*Work task*: Look through the material and copy each line holding "from".

*Provided information*:
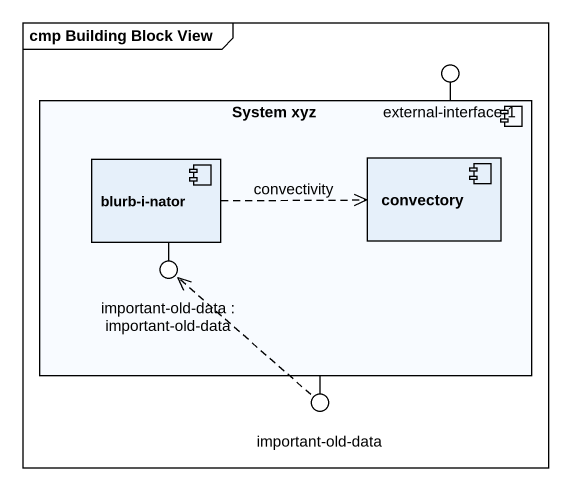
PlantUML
@startuml
mainframe cmp Building Block View
() "external-interface-1" as external_interface_1
component "System xyz" as System_xyz {
  component "blurb-i-nator" as blurb_i_nator
  component convectory
}
() "important-old-data : important-old-data" as important_old_data
() "important-old-data" as important_old_data_2
System_xyz -up- external_interface_1
blurb_i_nator -- important_old_data
System_xyz -- important_old_data_2
blurb_i_nator .right.> convectory : convectivity
important_old_data_2 .up.> important_old_data
@enduml
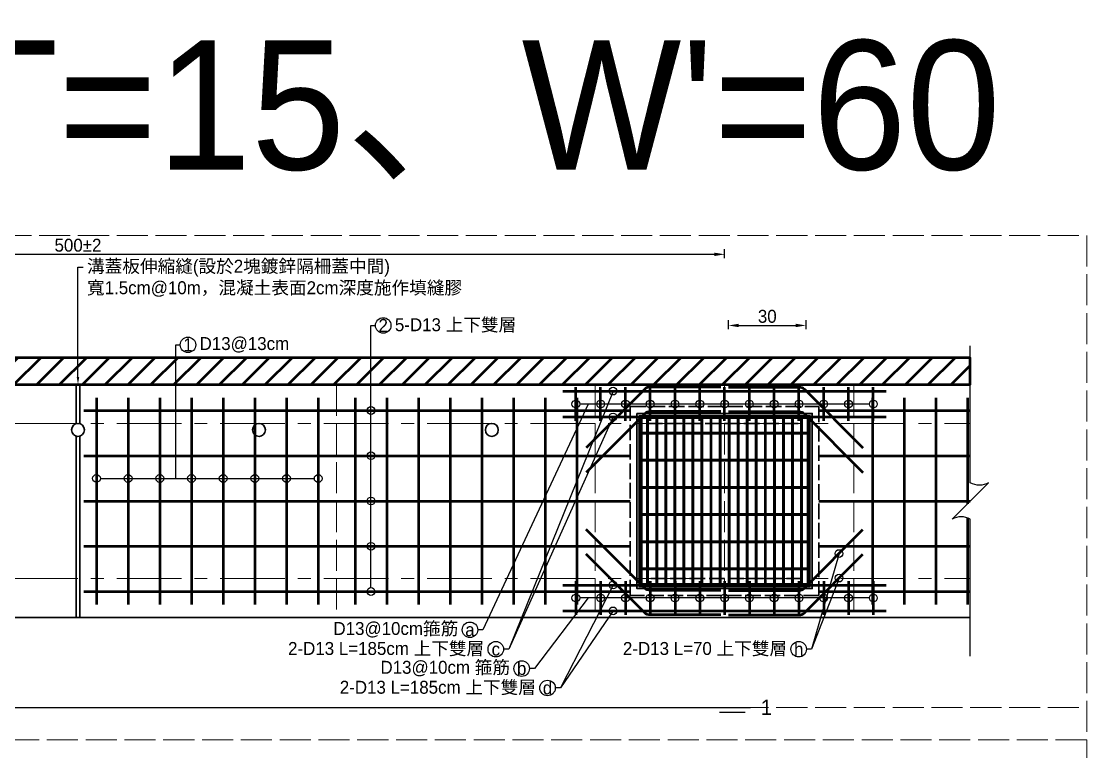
# Model space of a CAD drawing. Extents: x -4891 to 4829, y -5666 to -3242.
# Drawn here: x -4522.8 to -4110.9, y -3888.9 to -3606.5 of the extents above; entities that cross this region are included whole.
import ezdxf
from ezdxf import colors
from ezdxf.entities.mleader import LeaderData, LeaderLine
from ezdxf.math import Vec2, Vec3

# ---------------------------------------------------------------- set-up
doc = ezdxf.new("R2010")
doc.units = 0
doc.header["$MEASUREMENT"] = 0
doc.linetypes.add('ACAD_ISO02W100', pattern=[15, 12, -3])
doc.linetypes.add('CENTERX2', pattern=[4, 2.5, -0.5, 0.5, -0.5])
for name, color, linetype, lineweight in [('一、3.基本-變更', 1, 'Continuous', 50), ('二、1.繪圖-既有設施', 8, 'Continuous', 20), ('二、2.繪圖-施作項目', 181, 'Continuous', 30), ('二、5.繪圖-鋼筋', 60, 'Continuous', 50), ('二、6.繪圖-其他施作項目', 35, 'Continuous', 30)]:
    doc.layers.add(name, color=color, linetype=linetype, lineweight=lineweight)
doc.layers.add('一、4.基本-隱藏', color=9, linetype='ACAD_ISO02W100', lineweight=20, plot=False)
doc.layers.add('三、3.文字-註解文字', color=2, linetype='Continuous')
doc.styles.add('次圖名(詳圖)', font='MS PGothic.ttf', dxfattribs={"height": 6})
doc.styles.add('註解文字', font='MS PGothic.ttf', dxfattribs={"height": 5})
doc.dimstyles.new('註解文字', dxfattribs={"dimtxt": 5, "dimasz": 4, "dimexe": 2, "dimexo": 2.5, "dimgap": 1, "dimtad": 2, "dimzin": 0, "dimdsep": 46, "dimtxsty": '註解文字', "dimcen": 0.1, "dimclrd": 144, "dimclre": 144, "dimclrt": 256, "dimadec": 0, "dimazin": 0, "dimtfac": 1, "dimtofl": 0, "dimtmove": 0, "dimatfit": 3, "dimfxl": 1.5, "dimfxlon": 1, "dimtolj": 1, "dimtzin": 0, "dimlwd": -1, "dimlwe": -1, "dimarcsym": 1})
pattern_1 = [(45, (-5686.2158, -3578.335), (-2.65165, 2.65165), []), (45, (-5685.332, -3578.335), (-2.65165, 2.65165), []), (45, (-5684.448, -3578.335), (-2.65165, 2.65165), []), (45, (-5683.564, -3578.335), (-2.65165, 2.65165), [])]

# ---------------------------------------------------------------- blocks, each defined once
blk = doc.blocks.new('_None')
blk = doc.blocks.new('*D156')
at = {"layer": 'Defpoints', "color": 0, "transparency": 16777216}
for p in [(-4750.85, -3696.6), (-4750.85, -3756.99), (-4250.85, -3756.99)]:
    blk.add_point(p, dxfattribs=at)
at = {"layer": '三、3.文字-註解文字', "color": 144, "transparency": 16777216}
for p, q in [((-4750.85, -3698.1), (-4750.85, -3694.6)), ((-4250.85, -3698.1), (-4250.85, -3694.6)), ((-4254.85, -3696.6), (-4746.85, -3696.6))]:
    blk.add_line(p, q, dxfattribs=at)
for points in [[(-4746.85, -3695.94), (-4746.85, -3697.27), (-4750.85, -3696.6)], [(-4254.85, -3695.94), (-4254.85, -3697.27), (-4250.85, -3696.6)]]:
    blk.add_solid(points, dxfattribs=at)
at = {"layer": '三、3.文字-註解文字', "transparency": 16777216, "insert": (-4500.85, -3693.1), "char_height": 5, "attachment_point": 5, "style": '註解文字'}
blk.add_mtext('\\A1;500±2', dxfattribs=at)
blk = doc.blocks.new('*D157')
at = {"layer": 'Defpoints', "color": 0, "linetype": 'Continuous', "transparency": 16777216}
for p in [(-4219.35, -3724.1), (-4249.35, -3752.72), (-4219.35, -3752.72)]:
    blk.add_point(p, dxfattribs=at)
at = {"layer": '三、3.文字-註解文字', "color": 144, "transparency": 16777216}
for p, q in [((-4249.35, -3725.6), (-4249.35, -3722.1)), ((-4219.35, -3725.6), (-4219.35, -3722.1)), ((-4245.35, -3724.1), (-4223.35, -3724.1))]:
    blk.add_line(p, q, dxfattribs=at)
at = {"layer": '三、3.文字-註解文字', "color": 144, "linetype": 'Continuous', "transparency": 16777216}
for points in [[(-4245.35, -3723.44), (-4245.35, -3724.77), (-4249.35, -3724.1)], [(-4223.35, -3723.44), (-4223.35, -3724.77), (-4219.35, -3724.1)]]:
    blk.add_solid(points, dxfattribs=at)
at = {"layer": '三、3.文字-註解文字', "linetype": 'Continuous', "transparency": 16777216, "insert": (-4234.35, -3720.6), "char_height": 5, "attachment_point": 5, "style": '註解文字'}
blk.add_mtext('\\A1;30', dxfattribs=at)
blk = doc.blocks.new('_Small')
at = {"color": 0, "linetype": 'ByBlock', "lineweight": -2}
blk.add_circle((0, 0), 0.25, dxfattribs=at)

msp = doc.modelspace()

# ---------------------------------------------------------------- hatches: boundary and pattern name
at = {"layer": '一、3.基本-變更', "linetype": 'Continuous'}
h = msp.add_hatch(dxfattribs=at)
h.set_pattern_fill('ANSI31', color=256, scale=50)
h.set_pattern_definition([(45, (-7297.716, 251.4965), (-4.419417, 4.419417), [])])
h.paths.add_polyline_path([(-4155.855, -3736.602), (-4845.855, -3736.602), (-4845.855, -3746.989), (-4155.855, -3746.989)])
at = {"layer": '二、6.繪圖-其他施作項目'}
h = msp.add_hatch(color=256, dxfattribs=at)
h.dxf.hatch_style = 1
h.paths.add_polyline_path([(-4284.755, -3825.889), (-4216.955, -3825.889), (-4216.955, -3758.089), (-4284.755, -3758.089)])
h.paths.add_polyline_path([(-4283.855, -3758.989), (-4217.855, -3758.989), (-4217.855, -3824.989), (-4283.855, -3824.989)], flags=16)
h = msp.add_hatch(dxfattribs=at)
h.set_pattern_fill('ANSI34', color=256, scale=5)
h.set_pattern_definition(pattern_1)
h.paths.add_polyline_path([(-4218.855, -3765.489), (-4282.855, -3765.489), (-4282.855, -3765.989), (-4218.855, -3765.989)])
h = msp.add_hatch(dxfattribs=at)
h.set_pattern_fill('ANSI34', color=256, scale=5)
h.set_pattern_definition(pattern_1)
h.paths.add_polyline_path([(-4218.855, -3775.989), (-4282.855, -3775.989), (-4282.855, -3776.489), (-4218.855, -3776.489)])
h = msp.add_hatch(dxfattribs=at)
h.set_pattern_fill('ANSI34', color=256, scale=5)
h.set_pattern_definition(pattern_1)
h.paths.add_polyline_path([(-4218.855, -3786.489), (-4282.855, -3786.489), (-4282.855, -3786.989), (-4218.855, -3786.989)])
h = msp.add_hatch(dxfattribs=at)
h.set_pattern_fill('ANSI34', color=256, scale=5)
h.set_pattern_definition(pattern_1)
h.paths.add_polyline_path([(-4218.855, -3796.989), (-4282.855, -3796.989), (-4282.855, -3797.489), (-4218.855, -3797.489)])
h = msp.add_hatch(dxfattribs=at)
h.set_pattern_fill('ANSI34', color=256, scale=5)
h.set_pattern_definition(pattern_1)
h.paths.add_polyline_path([(-4218.855, -3807.489), (-4282.855, -3807.489), (-4282.855, -3807.989), (-4218.855, -3807.989)])
h = msp.add_hatch(dxfattribs=at)
h.set_pattern_fill('ANSI34', color=256, scale=5)
h.set_pattern_definition(pattern_1)
h.paths.add_polyline_path([(-4218.855, -3817.989), (-4282.855, -3817.989), (-4282.855, -3818.489), (-4218.855, -3818.489)])

# ---------------------------------------------------------------- linework, layer by layer
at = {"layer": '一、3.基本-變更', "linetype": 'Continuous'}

*The answer*:
from ezdxf import colors
from ezdxf.entities.mleader import LeaderData, LeaderLine
from ezdxf.math import Vec2, Vec3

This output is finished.